I'm getting my Kindle 2 ready to be put up for sale. That's when I discovered I couldn't delete my archive folder. If it's impossible to clear it out how do people sell their Kindles? Does the buyer have to put up with my old archived ebooks?? Also I had discovered my inability to delete the archives AFTER I deregistered! So I can't go back to my Kindle account to see if there's a way there. Any suggestions? I really don't want my archive folder still on the Kindle when I try to sell it.   Thanks in advance for whatever help/suggestions you can give!


----------



## sebat (Nov 16, 2008)

kjungs said:


> Hi,
> 
> I'm getting my Kindle 2 ready to be put up for sale. That's when I discovered I couldn't delete my archive folder. If it's impossible to clear it out how do people sell their Kindles? Does the buyer have to put up with my old archived ebooks?? Also I had discovered my inability to delete the archives AFTER I deregistered! So I can't go back to my Kindle account to see if there's a way there. Any suggestions? I really don't want my archive folder still on the Kindle when I try to sell it.  Thanks in advance for whatever help/suggestions you can give!

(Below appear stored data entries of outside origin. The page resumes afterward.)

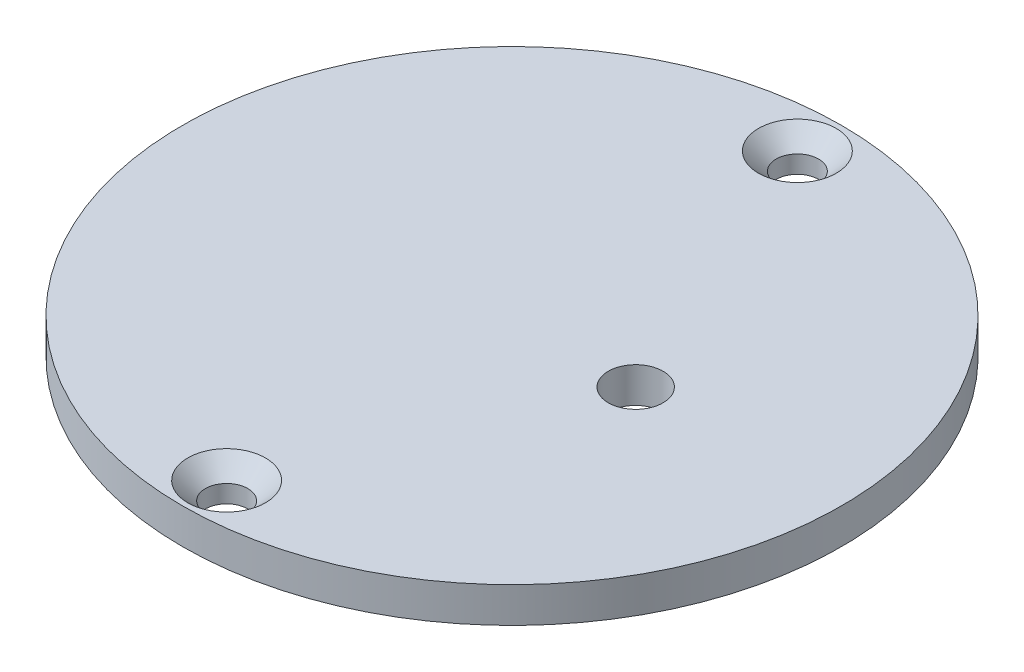
ISO-10303-21;
HEADER;
FILE_DESCRIPTION(('STEP AP214'),'2;1');
FILE_NAME('part.step','',(''),(''),'','','');
FILE_SCHEMA(('AUTOMOTIVE_DESIGN { 1 0 10303 214 1 1 1 1 }'));
ENDSEC;
DATA;
#1=APPLICATION_CONTEXT('core data for automotive mechanical design processes');
#2=APPLICATION_PROTOCOL_DEFINITION('international standard','automotive_design',2000,#1);
#3=PRODUCT_CONTEXT('',#1,'mechanical');
#4=PRODUCT('Part','Part','',(#3));
#5=PRODUCT_RELATED_PRODUCT_CATEGORY('part','',(#4));
#6=PRODUCT_DEFINITION_FORMATION('','',#4);
#7=PRODUCT_DEFINITION_CONTEXT('part definition',#1,'design');
#8=PRODUCT_DEFINITION('design','',#6,#7);
#9=PRODUCT_DEFINITION_SHAPE('','',#8);
#10=(LENGTH_UNIT() NAMED_UNIT(*) SI_UNIT(.MILLI.,.METRE.));
#11=(NAMED_UNIT(*) PLANE_ANGLE_UNIT() SI_UNIT($,.RADIAN.));
#12=(NAMED_UNIT(*) SI_UNIT($,.STERADIAN.) SOLID_ANGLE_UNIT());
#13=UNCERTAINTY_MEASURE_WITH_UNIT(LENGTH_MEASURE(1.E-05),#10,'distance_accuracy_value','');
#14=(GEOMETRIC_REPRESENTATION_CONTEXT(3) GLOBAL_UNCERTAINTY_ASSIGNED_CONTEXT((#13)) GLOBAL_UNIT_ASSIGNED_CONTEXT((#10,
#11,#12)) REPRESENTATION_CONTEXT('',''));
#15=CARTESIAN_POINT('',(0.,0.,0.));
#16=DIRECTION('',(0.,0.,1.));
#17=DIRECTION('',(1.,0.,0.));
#18=AXIS2_PLACEMENT_3D('',#15,#16,#17);
#19=CARTESIAN_POINT('',(0.,2.,0.));
#20=DIRECTION('',(0.,-1.,0.));
#21=DIRECTION('',(0.,0.,-1.));
#22=AXIS2_PLACEMENT_3D('',#19,#20,#21);
#23=CYLINDRICAL_SURFACE('',#22,18.65);
#24=CARTESIAN_POINT('',(0.,2.,0.));
#25=DIRECTION('',(0.,1.,0.));
#26=DIRECTION('',(0.,0.,1.));
#27=AXIS2_PLACEMENT_3D('',#24,#25,#26);
#28=CIRCLE('',#27,18.65);
#29=CARTESIAN_POINT('',(0.,2.,18.65));
#30=VERTEX_POINT('',#29);
#31=EDGE_CURVE('E10',#30,#30,#28,.T.);
#32=ORIENTED_EDGE('',*,*,#31,.F.);
#33=EDGE_LOOP('',(#32));
#34=FACE_BOUND('',#33,.T.);
#35=CARTESIAN_POINT('',(0.,0.,0.));
#36=DIRECTION('',(0.,1.,0.));
#37=DIRECTION('',(0.,0.,1.));
#38=AXIS2_PLACEMENT_3D('',#35,#36,#37);
#39=CIRCLE('',#38,18.65);
#40=CARTESIAN_POINT('',(0.,0.,18.65));
#41=VERTEX_POINT('',#40);
#42=EDGE_CURVE('E36',#41,#41,#39,.T.);
#43=ORIENTED_EDGE('',*,*,#42,.T.);
#44=EDGE_LOOP('',(#43));
#45=FACE_BOUND('',#44,.T.);
#46=ADVANCED_FACE('F33',(#34,#45),#23,.T.);
#47=CARTESIAN_POINT('',(0.,2.,0.));
#48=DIRECTION('',(0.,1.,0.));
#49=DIRECTION('',(0.,0.,1.));
#50=AXIS2_PLACEMENT_3D('',#47,#48,#49);
#51=PLANE('',#50);
#52=CARTESIAN_POINT('',(0.,2.,-16.15));
#53=DIRECTION('',(0.,1.,0.));
#54=DIRECTION('',(0.,0.,1.));
#55=AXIS2_PLACEMENT_3D('',#52,#53,#54);
#56=CIRCLE('',#55,2.2);
#57=CARTESIAN_POINT('',(0.,2.,-13.95));
#58=VERTEX_POINT('',#57);
#59=EDGE_CURVE('E65',#58,#58,#56,.T.);
#60=ORIENTED_EDGE('',*,*,#59,.F.);
#61=EDGE_LOOP('',(#60));
#62=FACE_BOUND('',#61,.T.);
#63=CARTESIAN_POINT('',(0.,2.,16.15));
#64=DIRECTION('',(0.,1.,0.));
#65=DIRECTION('',(0.,0.,1.));
#66=AXIS2_PLACEMENT_3D('',#63,#64,#65);
#67=CIRCLE('',#66,2.2);
#68=CARTESIAN_POINT('',(0.,2.,18.35));
#69=VERTEX_POINT('',#68);
#70=EDGE_CURVE('E56',#69,#69,#67,.T.);
#71=ORIENTED_EDGE('',*,*,#70,.F.);
#72=EDGE_LOOP('',(#71));
#73=FACE_BOUND('',#72,.T.);
#74=CARTESIAN_POINT('',(7.,2.,0.));
#75=DIRECTION('',(0.,1.,0.));
#76=DIRECTION('',(0.,0.,1.));
#77=AXIS2_PLACEMENT_3D('',#74,#75,#76);
#78=CIRCLE('',#77,1.55);
#79=CARTESIAN_POINT('',(7.,2.,1.55));
#80=VERTEX_POINT('',#79);
#81=EDGE_CURVE('E45',#80,#80,#78,.T.);
#82=ORIENTED_EDGE('',*,*,#81,.F.);
#83=EDGE_LOOP('',(#82));
#84=FACE_BOUND('',#83,.T.);
#85=ORIENTED_EDGE('',*,*,#31,.T.);
#86=EDGE_LOOP('',(#85));
#87=FACE_BOUND('',#86,.T.);
#88=ADVANCED_FACE('F71',(#62,#73,#84,#87),#51,.T.);
#89=CARTESIAN_POINT('',(0.,0.,0.));
#90=DIRECTION('',(0.,1.,0.));
#91=DIRECTION('',(0.,0.,1.));
#92=AXIS2_PLACEMENT_3D('',#89,#90,#91);
#93=PLANE('',#92);
#94=CARTESIAN_POINT('',(0.,0.,-16.15));
#95=DIRECTION('',(0.,1.,0.));
#96=DIRECTION('',(0.,0.,1.));
#97=AXIS2_PLACEMENT_3D('',#94,#95,#96);
#98=CIRCLE('',#97,1.2);
#99=CARTESIAN_POINT('',(0.,0.,-14.95));
#100=VERTEX_POINT('',#99);
#101=EDGE_CURVE('E59',#100,#100,#98,.T.);
#102=ORIENTED_EDGE('',*,*,#101,.T.);
#103=EDGE_LOOP('',(#102));
#104=FACE_BOUND('',#103,.T.);
#105=CARTESIAN_POINT('',(0.,0.,16.15));
#106=DIRECTION('',(0.,1.,0.));
#107=DIRECTION('',(0.,0.,1.));
#108=AXIS2_PLACEMENT_3D('',#105,#106,#107);
#109=CIRCLE('',#108,1.2);
#110=CARTESIAN_POINT('',(0.,0.,17.35));
#111=VERTEX_POINT('',#110);
#112=EDGE_CURVE('E48',#111,#111,#109,.T.);
#113=ORIENTED_EDGE('',*,*,#112,.T.);
#114=EDGE_LOOP('',(#113));
#115=FACE_BOUND('',#114,.T.);
#116=CARTESIAN_POINT('',(7.,0.,0.));
#117=DIRECTION('',(0.,1.,0.));
#118=DIRECTION('',(0.,0.,1.));
#119=AXIS2_PLACEMENT_3D('',#116,#117,#118);
#120=CIRCLE('',#119,1.55);
#121=CARTESIAN_POINT('',(7.,0.,1.55));
#122=VERTEX_POINT('',#121);
#123=EDGE_CURVE('E43',#122,#122,#120,.T.);
#124=ORIENTED_EDGE('',*,*,#123,.T.);
#125=EDGE_LOOP('',(#124));
#126=FACE_BOUND('',#125,.T.);
#127=ORIENTED_EDGE('',*,*,#42,.F.);
#128=EDGE_LOOP('',(#127));
#129=FACE_BOUND('',#128,.T.);
#130=ADVANCED_FACE('F74',(#104,#115,#126,#129),#93,.F.);
#131=CARTESIAN_POINT('',(7.,0.,0.));
#132=DIRECTION('',(0.,1.,0.));
#133=DIRECTION('',(0.,0.,1.));
#134=AXIS2_PLACEMENT_3D('',#131,#132,#133);
#135=CYLINDRICAL_SURFACE('',#134,1.55);
#136=ORIENTED_EDGE('',*,*,#123,.F.);
#137=EDGE_LOOP('',(#136));
#138=FACE_BOUND('',#137,.T.);
#139=ORIENTED_EDGE('',*,*,#81,.T.);
#140=EDGE_LOOP('',(#139));
#141=FACE_BOUND('',#140,.T.);
#142=ADVANCED_FACE('F80',(#138,#141),#135,.F.);
#143=CARTESIAN_POINT('',(0.,2.,16.15));
#144=DIRECTION('',(0.,1.,0.));
#145=DIRECTION('',(0.,0.,1.));
#146=AXIS2_PLACEMENT_3D('',#143,#144,#145);
#147=CYLINDRICAL_SURFACE('',#146,1.2);
#148=ORIENTED_EDGE('',*,*,#112,.F.);
#149=EDGE_LOOP('',(#148));
#150=FACE_BOUND('',#149,.T.);
#151=CARTESIAN_POINT('',(0.,0.999999999999999,16.15));
#152=DIRECTION('',(0.,1.,0.));
#153=DIRECTION('',(0.,0.,1.));
#154=AXIS2_PLACEMENT_3D('',#151,#152,#153);
#155=CIRCLE('',#154,1.2);
#156=CARTESIAN_POINT('',(0.,0.999999999999999,17.35));
#157=VERTEX_POINT('',#156);
#158=EDGE_CURVE('E53',#157,#157,#155,.T.);
#159=ORIENTED_EDGE('',*,*,#158,.T.);
#160=EDGE_LOOP('',(#159));
#161=FACE_BOUND('',#160,.T.);
#162=ADVANCED_FACE('F82',(#150,#161),#147,.F.);
#163=CARTESIAN_POINT('',(0.,2.,16.15));
#164=DIRECTION('',(0.,1.,0.));
#165=DIRECTION('',(0.,0.,1.));
#166=AXIS2_PLACEMENT_3D('',#163,#164,#165);
#167=CONICAL_SURFACE('',#166,2.2,0.785398163397448);
#168=ORIENTED_EDGE('',*,*,#158,.F.);
#169=EDGE_LOOP('',(#168));
#170=FACE_BOUND('',#169,.T.);
#171=ORIENTED_EDGE('',*,*,#70,.T.);
#172=EDGE_LOOP('',(#171));
#173=FACE_BOUND('',#172,.T.);
#174=ADVANCED_FACE('F89',(#170,#173),#167,.F.);
#175=CARTESIAN_POINT('',(0.,2.,-16.15));
#176=DIRECTION('',(0.,1.,0.));
#177=DIRECTION('',(0.,0.,1.));
#178=AXIS2_PLACEMENT_3D('',#175,#176,#177);
#179=CYLINDRICAL_SURFACE('',#178,1.2);
#180=ORIENTED_EDGE('',*,*,#101,.F.);
#181=EDGE_LOOP('',(#180));
#182=FACE_BOUND('',#181,.T.);
#183=CARTESIAN_POINT('',(0.,0.999999999999999,-16.15));
#184=DIRECTION('',(0.,1.,0.));
#185=DIRECTION('',(0.,0.,1.));
#186=AXIS2_PLACEMENT_3D('',#183,#184,#185);
#187=CIRCLE('',#186,1.2);
#188=CARTESIAN_POINT('',(0.,0.999999999999999,-14.95));
#189=VERTEX_POINT('',#188);
#190=EDGE_CURVE('E62',#189,#189,#187,.T.);
#191=ORIENTED_EDGE('',*,*,#190,.T.);
#192=EDGE_LOOP('',(#191));
#193=FACE_BOUND('',#192,.T.);
#194=ADVANCED_FACE('F127',(#182,#193),#179,.F.);
#195=CARTESIAN_POINT('',(0.,2.,-16.15));
#196=DIRECTION('',(0.,1.,0.));
#197=DIRECTION('',(0.,0.,1.));
#198=AXIS2_PLACEMENT_3D('',#195,#196,#197);
#199=CONICAL_SURFACE('',#198,2.2,0.785398163397448);
#200=ORIENTED_EDGE('',*,*,#190,.F.);
#201=EDGE_LOOP('',(#200));
#202=FACE_BOUND('',#201,.T.);
#203=ORIENTED_EDGE('',*,*,#59,.T.);
#204=EDGE_LOOP('',(#203));
#205=FACE_BOUND('',#204,.T.);
#206=ADVANCED_FACE('F69',(#202,#205),#199,.F.);
#207=CLOSED_SHELL('',(#46,#88,#130,#142,#162,#174,#194,#206));
#208=MANIFOLD_SOLID_BREP('B2',#207);
#209=ADVANCED_BREP_SHAPE_REPRESENTATION('',(#18,#208),#14);
#210=SHAPE_DEFINITION_REPRESENTATION(#9,#209);
ENDSEC;
END-ISO-10303-21;

If you deleted the books off of the K2 and deregistered it, the books will not be accessible to the new owner. Your archive will disappear when they register it to their account.


----------



## Ann in Arlington (Oct 27, 2008)

No worries. . . . .you've de-registered.  So that Kindle no longer has access to YOUR archives.  I bet if you turn on WN and do a sync they'll all go away.  If that doesn't work, try resetting the device -- hold the slider 20 seconds or so until it restarts.

Now, any content NOT in archive will still show until you delete it manually.  Then it might sit in the archive until you do the above procedure again.


----------



## LisaS (Oct 13, 2009)

I tried a 14 day trial of a newspaper - are you saying I'm stuck with those in archive forever and can't permanently delete them?


----------



## pidgeon92 (Oct 27, 2008)

Newspapers and magazines (all subscription items) will be deleted from your archive after a period of time... Two weeks? One month? Either way, you will not have access to them after that if they are not saved to the Kindle.


----------



## 911jason (Aug 17, 2009)

Not sure what I'm missing, but I'm looking at Manage Your Kindle and at Your Reading List and don't see any option to put anything in the trash.


----------



## salaniz (Oct 6, 2009)

911jason said:


> Not sure what I'm missing, but I'm looking at Manage Your Kindle and at Your Reading List and don't see any option to put anything in the trash.


I had to go to my Media Library at Amazon to find the option to put something in the trash. The books don't show up in Manage Your Kindle any longer but they still show in the Content Manager on my K1 if I have it set to show Amazon or All.


----------



## 911jason (Aug 17, 2009)

Thanks Salaniz.. found it now. =)


----------